Unlike the displacement of low-skill human labor in manufacturing through automation, AI has the potential to target jobs that have typically been immune from automation because they require specialized cognitive skills. Law, for example, lends itself nicely to AI systems because legal databases and natural language processing algorithms can be used to model case law.
Many bureaucratic or managerial tasks in the public and nonprofit sectors have similar characteristics as those in law, creating opportunities to automate specific tasks or wholly replace some public servants. There is no economic rationale for the public sector to favor human labor over machine labor
Uses for Artificial Discretion in Governance
Artificial discretion presents an opportunity to improve on the status quo in government by addressing deficiencies that are ubiquitous in administrative decision making.
These problems include (1) inaccurate predictions on consequential discretionary tasks such as placing a child into foster care or granting a small business loan; (2) inconsistent quality of discretion through variance in accuracy across managers, or variance across time because of decision fatigue or emotional shocks; (3) bias in discretion such as inconsistent citation rates in policing; (4) corruption that results when discretionary tasks are used to gain influence such as granting lucrative government contracts to political allies; and (5) the high labor costs of semi-routine bureaucratic tasks that require some discretion, such as processing applications to administer permits.
AI offers opportunities to improve on each of these dimensions by being more accurate, more consistent in ways that reduce variance and bias, less corruptible by having a stronger relationship between data inputs and decisions, and more cost-effective by reducing labor costs associated with mundane tasks.
Public managers will be interested in three principal uses of artificial intelligence in government: (1) creating structured data from unstructured inputs such as images, sensors, or text; (2) leveraging large and multidimensional data sets to identify patterns, generate new insights, or make accurate predictions; and (3) eliminating human components of administrative tasks through automation.
Artificial discretion presents an opportunity to improve on the status quo in government by addressing deficiencies that are ubiquitous in administrative decision making
Each of these categories of AI applications is potentially valuable for public sector organizations, but not every administrative task can be easily improved by AI. These tasks vary along several dimensions, including the amount, veracity, and completeness of information available to the agent at the time of a decision, the cost, risk, and reward associated with the decision, the amount of goal or value ambiguity, and the stakeholders involved.
In cases where tasks require a relatively low level of discretion, automation is appropriate. The potential benefits include cost-savings, and eliminating situations where low-discretion tasks are dull and repetitive to human agents, leading to low-quality outputs and outcomes. Alternatively, automation can be used when the quality of discretion varies significantly across different human agents. Using AI as a decision-support tool can improve discretion when tasks are less structured, data are scarce, or outcomes are harder to define.

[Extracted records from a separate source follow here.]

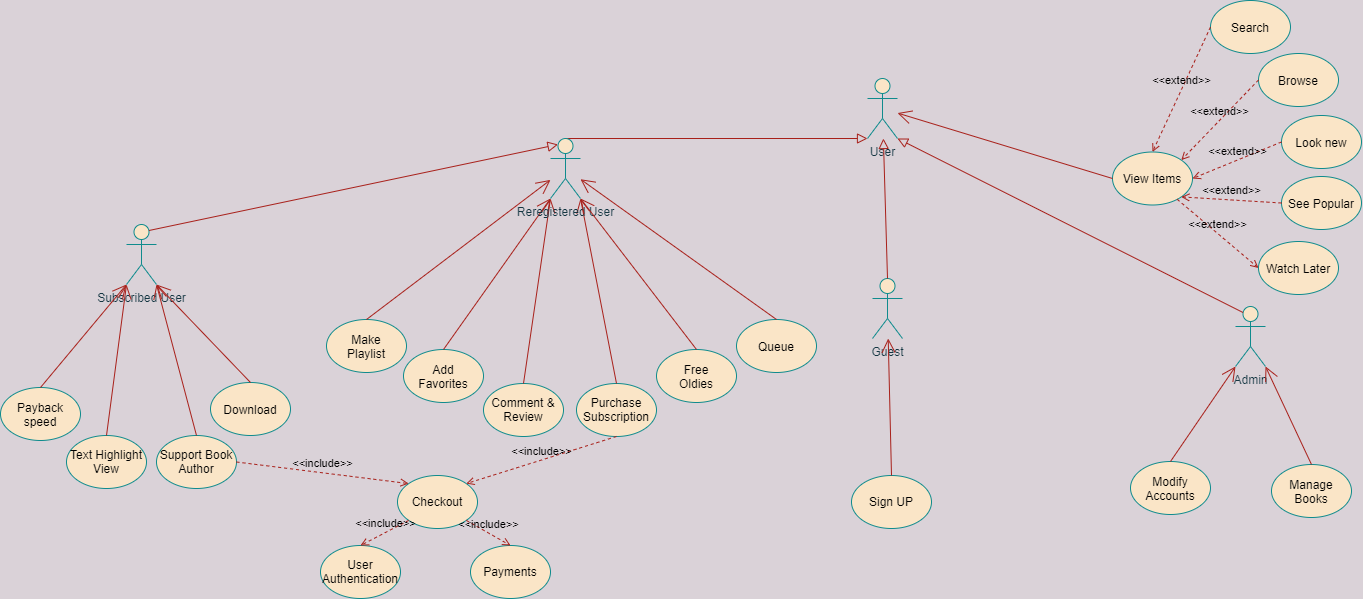

The diagram above was exported from draw.io. Its source (the exported page's mxGraphModel, read from the mxfile embedded in the PNG):
<mxGraphModel dx="1764" dy="1126" grid="0" gridSize="10" guides="1" tooltips="1" connect="1" arrows="1" fold="1" page="0" pageScale="1" pageWidth="1100" pageHeight="850" background="#DAD2D8" math="0" shadow="0">
  <root>
    <mxCell id="0" />
    <mxCell id="1" parent="0" />
    <mxCell id="zqvt68sIP2pli0ahYBw8-1" value="User&lt;br&gt;" style="shape=umlActor;verticalLabelPosition=bottom;verticalAlign=top;html=1;outlineConnect=0;fillColor=#FAE5C7;strokeColor=#0F8B8D;fontColor=#143642;rounded=0;" parent="1" vertex="1">
      <mxGeometry x="570" y="-26" width="30" height="60" as="geometry" />
    </mxCell>
    <mxCell id="zqvt68sIP2pli0ahYBw8-2" value="Guest" style="shape=umlActor;verticalLabelPosition=bottom;verticalAlign=top;html=1;outlineConnect=0;fillColor=#FAE5C7;strokeColor=#0F8B8D;fontColor=#143642;rounded=0;" parent="1" vertex="1">
      <mxGeometry x="575" y="174" width="30" height="60" as="geometry" />
    </mxCell>
    <mxCell id="zqvt68sIP2pli0ahYBw8-4" value="GeneralizationSet1" style="endArrow=block;rounded=0;align=center;verticalAlign=bottom;endFill=0;labelBackgroundColor=none;endSize=8;fontColor=none;strokeColor=#A8201A;fillColor=#FAE5C7;strokeWidth=1;noLabel=1;textOpacity=0;exitX=0.5;exitY=0;exitDx=0;exitDy=0;exitPerimeter=0;entryX=0;entryY=1;entryDx=0;entryDy=0;entryPerimeter=0;" parent="1" source="zqvt68sIP2pli0ahYBw8-3" target="zqvt68sIP2pli0ahYBw8-1" edge="1">
      <mxGeometry relative="1" as="geometry">
        <mxPoint x="240" y="375" as="sourcePoint" />
        <mxPoint x="400" y="375" as="targetPoint" />
      </mxGeometry>
    </mxCell>
    <mxCell id="zqvt68sIP2pli0ahYBw8-5" value="" style="resizable=0;html=1;align=center;verticalAlign=top;labelBackgroundColor=none;fontColor=#143642;strokeColor=#0F8B8D;fillColor=#FAE5C7;" parent="zqvt68sIP2pli0ahYBw8-4" connectable="0" vertex="1">
      <mxGeometry relative="1" as="geometry" />
    </mxCell>
    <mxCell id="zqvt68sIP2pli0ahYBw8-6" value="GeneralizationSet1" style="endArrow=block;rounded=0;align=center;verticalAlign=bottom;endFill=0;labelBackgroundColor=none;endSize=8;fontColor=none;strokeColor=#A8201A;fillColor=#FAE5C7;strokeWidth=1;noLabel=1;textOpacity=0;exitX=0.5;exitY=0;exitDx=0;exitDy=0;exitPerimeter=0;" parent="1" source="zqvt68sIP2pli0ahYBw8-2" target="zqvt68sIP2pli0ahYBw8-1" edge="1">
      <mxGeometry relative="1" as="geometry">
        <mxPoint x="107" y="184" as="sourcePoint" />
        <mxPoint x="446" y="60" as="targetPoint" />
      </mxGeometry>
    </mxCell>
    <mxCell id="zqvt68sIP2pli0ahYBw8-7" value="" style="resizable=0;html=1;align=center;verticalAlign=top;labelBackgroundColor=none;fontColor=#143642;strokeColor=#0F8B8D;fillColor=#FAE5C7;" parent="zqvt68sIP2pli0ahYBw8-6" connectable="0" vertex="1">
      <mxGeometry relative="1" as="geometry" />
    </mxCell>
    <mxCell id="zqvt68sIP2pli0ahYBw8-9" value="Admin" style="shape=umlActor;verticalLabelPosition=bottom;verticalAlign=top;html=1;outlineConnect=0;fillColor=#FAE5C7;strokeColor=#0F8B8D;fontColor=#143642;rounded=0;" parent="1" vertex="1">
      <mxGeometry x="938" y="202" width="30" height="60" as="geometry" />
    </mxCell>
    <mxCell id="zqvt68sIP2pli0ahYBw8-10" value="GeneralizationSet1" style="endArrow=block;rounded=0;align=center;verticalAlign=bottom;endFill=0;labelBackgroundColor=none;endSize=8;fontColor=none;strokeColor=#A8201A;fillColor=#FAE5C7;strokeWidth=1;noLabel=1;textOpacity=0;exitX=0.25;exitY=0.1;exitDx=0;exitDy=0;exitPerimeter=0;entryX=1;entryY=1;entryDx=0;entryDy=0;entryPerimeter=0;" parent="1" source="zqvt68sIP2pli0ahYBw8-9" target="zqvt68sIP2pli0ahYBw8-1" edge="1">
      <mxGeometry relative="1" as="geometry">
        <mxPoint x="465" y="254" as="sourcePoint" />
        <mxPoint x="465" y="119" as="targetPoint" />
      </mxGeometry>
    </mxCell>
    <mxCell id="zqvt68sIP2pli0ahYBw8-11" value="" style="resizable=0;html=1;align=center;verticalAlign=top;labelBackgroundColor=none;fontColor=#143642;strokeColor=#0F8B8D;fillColor=#FAE5C7;" parent="zqvt68sIP2pli0ahYBw8-10" connectable="0" vertex="1">
      <mxGeometry relative="1" as="geometry" />
    </mxCell>
    <mxCell id="zqvt68sIP2pli0ahYBw8-12" value="Make&lt;br&gt;Playlist" style="ellipse;whiteSpace=wrap;html=1;fontColor=none;strokeColor=#0F8B8D;fillColor=#FAE5C7;" parent="1" vertex="1">
      <mxGeometry x="29" y="215" width="80" height="53" as="geometry" />
    </mxCell>
    <mxCell id="zqvt68sIP2pli0ahYBw8-13" value="Purchase&lt;br&gt;Subscription" style="ellipse;whiteSpace=wrap;html=1;fontColor=none;strokeColor=#0F8B8D;fillColor=#FAE5C7;" parent="1" vertex="1">
      <mxGeometry x="279" y="279" width="80" height="53" as="geometry" />
    </mxCell>
    <mxCell id="zqvt68sIP2pli0ahYBw8-14" value="Comment &amp;amp;&lt;br&gt;Review" style="ellipse;whiteSpace=wrap;html=1;fontColor=none;strokeColor=#0F8B8D;fillColor=#FAE5C7;" parent="1" vertex="1">
      <mxGeometry x="186" y="279" width="80" height="53" as="geometry" />
    </mxCell>
    <mxCell id="zqvt68sIP2pli0ahYBw8-15" value="Add&lt;br&gt;Favorites" style="ellipse;whiteSpace=wrap;html=1;fontColor=none;strokeColor=#0F8B8D;fillColor=#FAE5C7;" parent="1" vertex="1">
      <mxGeometry x="106" y="245" width="80" height="53" as="geometry" />
    </mxCell>
    <mxCell id="zqvt68sIP2pli0ahYBw8-16" value="Sign UP" style="ellipse;whiteSpace=wrap;html=1;fontColor=none;strokeColor=#0F8B8D;fillColor=#FAE5C7;" parent="1" vertex="1">
      <mxGeometry x="554" y="371" width="80" height="53" as="geometry" />
    </mxCell>
    <mxCell id="zqvt68sIP2pli0ahYBw8-17" value="View Items" style="ellipse;whiteSpace=wrap;html=1;fontColor=none;strokeColor=#0F8B8D;fillColor=#FAE5C7;" parent="1" vertex="1">
      <mxGeometry x="815" y="47.5" width="80" height="53" as="geometry" />
    </mxCell>
    <mxCell id="zqvt68sIP2pli0ahYBw8-18" value="" style="endArrow=open;endFill=1;endSize=12;html=1;fontColor=none;strokeColor=#A8201A;strokeWidth=1;fillColor=#FAE5C7;exitX=0.5;exitY=0;exitDx=0;exitDy=0;entryX=0;entryY=1;entryDx=0;entryDy=0;entryPerimeter=0;" parent="1" source="zqvt68sIP2pli0ahYBw8-15" target="zqvt68sIP2pli0ahYBw8-3" edge="1">
      <mxGeometry width="160" relative="1" as="geometry">
        <mxPoint x="687" y="125" as="sourcePoint" />
        <mxPoint x="250" y="172" as="targetPoint" />
      </mxGeometry>
    </mxCell>
    <mxCell id="zqvt68sIP2pli0ahYBw8-19" value="" style="endArrow=open;endFill=1;endSize=12;html=1;fontColor=none;strokeColor=#A8201A;strokeWidth=1;fillColor=#FAE5C7;exitX=0;exitY=0.5;exitDx=0;exitDy=0;" parent="1" source="zqvt68sIP2pli0ahYBw8-17" target="zqvt68sIP2pli0ahYBw8-1" edge="1">
      <mxGeometry width="160" relative="1" as="geometry">
        <mxPoint x="65" y="477" as="sourcePoint" />
        <mxPoint x="114.38613861386148" y="305" as="targetPoint" />
      </mxGeometry>
    </mxCell>
    <mxCell id="zqvt68sIP2pli0ahYBw8-20" value="" style="endArrow=open;endFill=1;endSize=12;html=1;fontColor=none;strokeColor=#A8201A;strokeWidth=1;fillColor=#FAE5C7;exitX=0.5;exitY=0;exitDx=0;exitDy=0;" parent="1" source="zqvt68sIP2pli0ahYBw8-16" target="zqvt68sIP2pli0ahYBw8-2" edge="1">
      <mxGeometry width="160" relative="1" as="geometry">
        <mxPoint x="59" y="417" as="sourcePoint" />
        <mxPoint x="108.38613861386148" y="245" as="targetPoint" />
      </mxGeometry>
    </mxCell>
    <mxCell id="zqvt68sIP2pli0ahYBw8-21" value="" style="endArrow=open;endFill=1;endSize=12;html=1;fontColor=none;strokeColor=#A8201A;strokeWidth=1;fillColor=#FAE5C7;exitX=0.5;exitY=0;exitDx=0;exitDy=0;entryX=0;entryY=1;entryDx=0;entryDy=0;entryPerimeter=0;" parent="1" source="zqvt68sIP2pli0ahYBw8-14" target="zqvt68sIP2pli0ahYBw8-3" edge="1">
      <mxGeometry width="160" relative="1" as="geometry">
        <mxPoint x="240" y="302" as="sourcePoint" />
        <mxPoint x="263" y="142" as="targetPoint" />
      </mxGeometry>
    </mxCell>
    <mxCell id="zqvt68sIP2pli0ahYBw8-22" value="" style="endArrow=open;endFill=1;endSize=12;html=1;fontColor=none;strokeColor=#A8201A;strokeWidth=1;fillColor=#FAE5C7;exitX=0.5;exitY=0;exitDx=0;exitDy=0;entryX=1;entryY=1;entryDx=0;entryDy=0;entryPerimeter=0;" parent="1" source="zqvt68sIP2pli0ahYBw8-13" target="zqvt68sIP2pli0ahYBw8-3" edge="1">
      <mxGeometry width="160" relative="1" as="geometry">
        <mxPoint x="250" y="312" as="sourcePoint" />
        <mxPoint x="299.3861386138615" y="140" as="targetPoint" />
      </mxGeometry>
    </mxCell>
    <mxCell id="zqvt68sIP2pli0ahYBw8-23" value="" style="endArrow=open;endFill=1;endSize=12;html=1;fontColor=none;strokeColor=#A8201A;strokeWidth=1;fillColor=#FAE5C7;exitX=0.5;exitY=0;exitDx=0;exitDy=0;" parent="1" source="zqvt68sIP2pli0ahYBw8-12" target="zqvt68sIP2pli0ahYBw8-3" edge="1">
      <mxGeometry width="160" relative="1" as="geometry">
        <mxPoint x="260" y="322" as="sourcePoint" />
        <mxPoint x="222" y="97" as="targetPoint" />
      </mxGeometry>
    </mxCell>
    <mxCell id="zqvt68sIP2pli0ahYBw8-3" value="Reregistered User" style="shape=umlActor;verticalLabelPosition=bottom;verticalAlign=top;html=1;outlineConnect=0;fillColor=#FAE5C7;strokeColor=#0F8B8D;fontColor=#143642;rounded=0;labelBorderColor=none;labelBackgroundColor=none;spacing=2;spacingBottom=0;" parent="1" vertex="1">
      <mxGeometry x="253" y="34" width="30" height="60" as="geometry" />
    </mxCell>
    <mxCell id="zqvt68sIP2pli0ahYBw8-24" value="Browse" style="ellipse;whiteSpace=wrap;html=1;fontColor=none;strokeColor=#0F8B8D;fillColor=#FAE5C7;" parent="1" vertex="1">
      <mxGeometry x="961" y="-51" width="80" height="53" as="geometry" />
    </mxCell>
    <mxCell id="zqvt68sIP2pli0ahYBw8-25" value="Look new" style="ellipse;whiteSpace=wrap;html=1;fontColor=none;strokeColor=#0F8B8D;fillColor=#FAE5C7;" parent="1" vertex="1">
      <mxGeometry x="984" y="11" width="80" height="53" as="geometry" />
    </mxCell>
    <mxCell id="zqvt68sIP2pli0ahYBw8-26" value="See Popular" style="ellipse;whiteSpace=wrap;html=1;fontColor=none;strokeColor=#0F8B8D;fillColor=#FAE5C7;" parent="1" vertex="1">
      <mxGeometry x="984" y="72" width="80" height="53" as="geometry" />
    </mxCell>
    <mxCell id="zqvt68sIP2pli0ahYBw8-27" value="Search" style="ellipse;whiteSpace=wrap;html=1;fontColor=none;strokeColor=#0F8B8D;fillColor=#FAE5C7;" parent="1" vertex="1">
      <mxGeometry x="913" y="-104" width="80" height="53" as="geometry" />
    </mxCell>
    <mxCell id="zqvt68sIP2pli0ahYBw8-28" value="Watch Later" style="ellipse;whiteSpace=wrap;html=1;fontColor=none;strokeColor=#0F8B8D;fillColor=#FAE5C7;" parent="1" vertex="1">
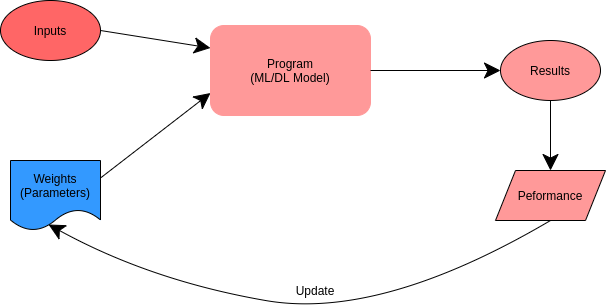

The diagram above was exported from draw.io. Its source (the exported page's mxGraphModel, read from the mxfile embedded in the PNG):
<mxGraphModel dx="1422" dy="806" grid="1" gridSize="10" guides="1" tooltips="1" connect="1" arrows="1" fold="1" page="1" pageScale="1" pageWidth="827" pageHeight="1169" math="0" shadow="0">
  <root>
    <mxCell id="WIyWlLk6GJQsqaUBKTNV-0" />
    <mxCell id="WIyWlLk6GJQsqaUBKTNV-1" parent="WIyWlLk6GJQsqaUBKTNV-0" />
    <mxCell id="g0fbHcmJ0-ep1GTJKgba-1" value="Inputs" style="ellipse;whiteSpace=wrap;html=1;hachureGap=4;pointerEvents=0;fillColor=#FF6666;" vertex="1" parent="WIyWlLk6GJQsqaUBKTNV-1">
      <mxGeometry x="60" y="270" width="100" height="60" as="geometry" />
    </mxCell>
    <mxCell id="g0fbHcmJ0-ep1GTJKgba-2" value="Program&lt;br&gt;(ML/DL Model)" style="rounded=1;whiteSpace=wrap;html=1;hachureGap=4;pointerEvents=0;strokeColor=#FF9999;fillColor=#FF9999;" vertex="1" parent="WIyWlLk6GJQsqaUBKTNV-1">
      <mxGeometry x="270" y="295" width="160" height="90" as="geometry" />
    </mxCell>
    <mxCell id="g0fbHcmJ0-ep1GTJKgba-6" value="Results" style="ellipse;whiteSpace=wrap;html=1;hachureGap=4;pointerEvents=0;fillColor=#FF9999;" vertex="1" parent="WIyWlLk6GJQsqaUBKTNV-1">
      <mxGeometry x="560" y="310" width="100" height="60" as="geometry" />
    </mxCell>
    <mxCell id="g0fbHcmJ0-ep1GTJKgba-7" value="Peformance" style="shape=parallelogram;perimeter=parallelogramPerimeter;whiteSpace=wrap;html=1;fixedSize=1;hachureGap=4;pointerEvents=0;fillColor=#FF9999;" vertex="1" parent="WIyWlLk6GJQsqaUBKTNV-1">
      <mxGeometry x="555" y="440" width="110" height="50" as="geometry" />
    </mxCell>
    <mxCell id="g0fbHcmJ0-ep1GTJKgba-8" value="Weights&lt;br&gt;(Parameters)" style="shape=document;whiteSpace=wrap;html=1;boundedLbl=1;hachureGap=4;pointerEvents=0;fillColor=#3399FF;" vertex="1" parent="WIyWlLk6GJQsqaUBKTNV-1">
      <mxGeometry x="70" y="430" width="90" height="70" as="geometry" />
    </mxCell>
    <mxCell id="g0fbHcmJ0-ep1GTJKgba-9" value="" style="endArrow=classic;html=1;startSize=14;endSize=14;sourcePerimeterSpacing=8;targetPerimeterSpacing=8;exitX=1;exitY=0.5;exitDx=0;exitDy=0;entryX=0;entryY=0.25;entryDx=0;entryDy=0;" edge="1" parent="WIyWlLk6GJQsqaUBKTNV-1" source="g0fbHcmJ0-ep1GTJKgba-1" target="g0fbHcmJ0-ep1GTJKgba-2">
      <mxGeometry width="50" height="50" relative="1" as="geometry">
        <mxPoint x="390" y="300" as="sourcePoint" />
        <mxPoint x="440" y="250" as="targetPoint" />
      </mxGeometry>
    </mxCell>
    <mxCell id="g0fbHcmJ0-ep1GTJKgba-10" value="" style="endArrow=classic;html=1;startSize=14;endSize=14;sourcePerimeterSpacing=8;targetPerimeterSpacing=8;exitX=1;exitY=0.25;exitDx=0;exitDy=0;entryX=0;entryY=0.75;entryDx=0;entryDy=0;" edge="1" parent="WIyWlLk6GJQsqaUBKTNV-1" source="g0fbHcmJ0-ep1GTJKgba-8" target="g0fbHcmJ0-ep1GTJKgba-2">
      <mxGeometry width="50" height="50" relative="1" as="geometry">
        <mxPoint x="390" y="300" as="sourcePoint" />
        <mxPoint x="440" y="250" as="targetPoint" />
      </mxGeometry>
    </mxCell>
    <mxCell id="g0fbHcmJ0-ep1GTJKgba-12" value="" style="endArrow=classic;html=1;startSize=14;endSize=14;sourcePerimeterSpacing=8;targetPerimeterSpacing=8;exitX=1;exitY=0.5;exitDx=0;exitDy=0;entryX=0;entryY=0.5;entryDx=0;entryDy=0;" edge="1" parent="WIyWlLk6GJQsqaUBKTNV-1" source="g0fbHcmJ0-ep1GTJKgba-2" target="g0fbHcmJ0-ep1GTJKgba-6">
      <mxGeometry width="50" height="50" relative="1" as="geometry">
        <mxPoint x="390" y="300" as="sourcePoint" />
        <mxPoint x="440" y="250" as="targetPoint" />
      </mxGeometry>
    </mxCell>
    <mxCell id="g0fbHcmJ0-ep1GTJKgba-13" value="" style="endArrow=classic;html=1;startSize=14;endSize=14;sourcePerimeterSpacing=8;targetPerimeterSpacing=8;exitX=0.5;exitY=1;exitDx=0;exitDy=0;entryX=0.5;entryY=0;entryDx=0;entryDy=0;" edge="1" parent="WIyWlLk6GJQsqaUBKTNV-1" source="g0fbHcmJ0-ep1GTJKgba-6" target="g0fbHcmJ0-ep1GTJKgba-7">
      <mxGeometry width="50" height="50" relative="1" as="geometry">
        <mxPoint x="390" y="300" as="sourcePoint" />
        <mxPoint x="440" y="250" as="targetPoint" />
      </mxGeometry>
    </mxCell>
    <mxCell id="g0fbHcmJ0-ep1GTJKgba-16" value="" style="curved=1;endArrow=classic;html=1;startSize=14;endSize=14;sourcePerimeterSpacing=8;targetPerimeterSpacing=8;exitX=0.5;exitY=1;exitDx=0;exitDy=0;entryX=0.422;entryY=0.914;entryDx=0;entryDy=0;entryPerimeter=0;" edge="1" parent="WIyWlLk6GJQsqaUBKTNV-1" source="g0fbHcmJ0-ep1GTJKgba-7" target="g0fbHcmJ0-ep1GTJKgba-8">
      <mxGeometry width="50" height="50" relative="1" as="geometry">
        <mxPoint x="390" y="590" as="sourcePoint" />
        <mxPoint x="440" y="540" as="targetPoint" />
        <Array as="points">
          <mxPoint x="440" y="590" />
          <mxPoint x="210" y="550" />
        </Array>
      </mxGeometry>
    </mxCell>
    <mxCell id="g0fbHcmJ0-ep1GTJKgba-18" value="Update" style="text;html=1;strokeColor=none;fillColor=none;align=center;verticalAlign=middle;whiteSpace=wrap;rounded=0;hachureGap=4;pointerEvents=0;" vertex="1" parent="WIyWlLk6GJQsqaUBKTNV-1">
      <mxGeometry x="340" y="550" width="70" height="20" as="geometry" />
    </mxCell>
  </root>
</mxGraphModel>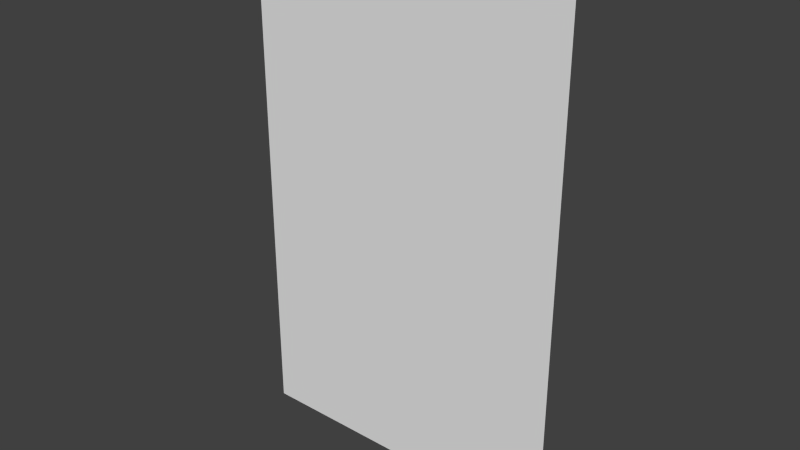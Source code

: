 # Source: oldmancrimey.blend  (saved by Blender 2.71.0; exported with 4.5.12 LTS)
import bpy
from mathutils import Matrix  # noqa: F401  (used for matrix-valued properties, if any)

bpy.ops.wm.read_factory_settings(use_empty=True)
scene = bpy.context.scene
scene.name = 'Scene'

# ---- collections
col_collection_1 = bpy.data.collections.new('Collection 1'); scene.collection.children.link(col_collection_1)

# ---- world
world_world = bpy.data.worlds.new('World'); scene.world = world_world
world_world.color = (0.05088, 0.05088, 0.05088)
world_world.use_sun_shadow = False
world_world.sun_shadow_jitter_overblur = 0.0
world_world.cycles.sampling_method = 'MANUAL'
world_world.cycles.sample_map_resolution = 256

# ---- meshes
me_plane = bpy.data.meshes.new('Plane')
me_plane.from_pydata([(0.9325, -0.9999, -2.545e-05), (0.9325, -0.9999, 2.142), (-0.4245, -0.9999, 2.142), (-0.4245, -0.9999, -2.545e-05)], [], [(3, 0, 1, 2)])
_uv = me_plane.uv_layers.new(name='UVMap')
_uv.uv.foreach_set('vector', [0.2699, 9.682e-05, 0.9033, 9.682e-05, 0.9033, 0.9999, 0.2699, 0.9999])
me_plane.use_remesh_preserve_volume = False
me_plane.use_remesh_preserve_attributes = False
me_plane.use_mirror_vertex_groups = False
me_plane.update()

# ---- objects
ob_plane = bpy.data.objects.new('Plane', me_plane)

# ---- transforms, parenting, visibility, modifiers, constraints
ob_plane.location = (0.0, 1.038, 0.0)
ob_plane.lineart.crease_threshold = 0.0

# ---- collection membership
col_collection_1.objects.link(ob_plane)

# ---- scene / render settings (as saved in the file)
scene.frame_start = 1; scene.frame_end = 250; scene.frame_set(1)
scene.render.engine = 'BLENDER_EEVEE_NEXT'
scene.render.resolution_percentage = 50
scene.render.dither_intensity = 0.0
scene.cycles.use_denoising = False
scene.cycles.samples = 10
scene.cycles.sampling_pattern = 'TABULATED_SOBOL'
scene.cycles.light_sampling_threshold = 0.0
scene.cycles.use_adaptive_sampling = False
scene.cycles.use_light_tree = False
scene.cycles.blur_glossy = 0.0
scene.cycles.volume_bounces = 1
scene.cycles.pixel_filter_type = 'GAUSSIAN'
scene.cycles.sample_clamp_indirect = 0.0
scene.view_settings.view_transform = 'Standard'
bpy.context.view_layer.update()

# ---- added for rendering (the .blend has no active camera and no usable light): camera, sun
cam_auto = bpy.data.cameras.new('AutoCamera')
cam_auto.lens = 50.0
cam_auto.sensor_width = 36.0
cam_auto.clip_end = 1000.0
ob_auto_camera = bpy.data.objects.new('AutoCamera', cam_auto)
scene.collection.objects.link(ob_auto_camera)
ob_auto_camera.location = (2.59997, -2.77661, 2.94766)
ob_auto_camera.rotation_euler = (1.09748, -7.21219e-08, 0.694738)
scene.camera = ob_auto_camera
light_auto_sun = bpy.data.lights.new('AutoSun', 'SUN')
light_auto_sun.energy = 3.0
light_auto_sun.angle = 0.0523599
ob_auto_sun = bpy.data.objects.new('AutoSun', light_auto_sun)
scene.collection.objects.link(ob_auto_sun)
ob_auto_sun.rotation_euler = (0.872665, 0.174533, 0.523599)
bpy.context.view_layer.update()

Some tasks are straightforward, narrowly defined, and relatively constrained (e.g., issuing parking tickets), whereas others are informed by procedures but consist of a broader set of possible choices (e.g., law enforcement intervening in a domestic dispute). Many others are highly complex, open-ended, and largely unstructured, especially in the design phases of policies or programs.
The more actors the process requires, the more constrained and interdependent discretion becomes. Thus, tasks can be described by whether they can be implemented at the individual level (micro), the team or intraorganizational level (meso), or the institutional and policy-setting level (macro)
An Evaluation Framework for Artificial Discretion
Artificial discretion presents both opportunities and challenges for the public sector. Potential positive outcomes include higher quality, lower cost, or novel government services, and increased consistency in the exercise of discretion. Possible negative outcomes include the erosion of transparency and accountability, distance from tasks that might nurture learning and innovation, a significant risk of increasing inequality, and increases in the capacity for administrative evil.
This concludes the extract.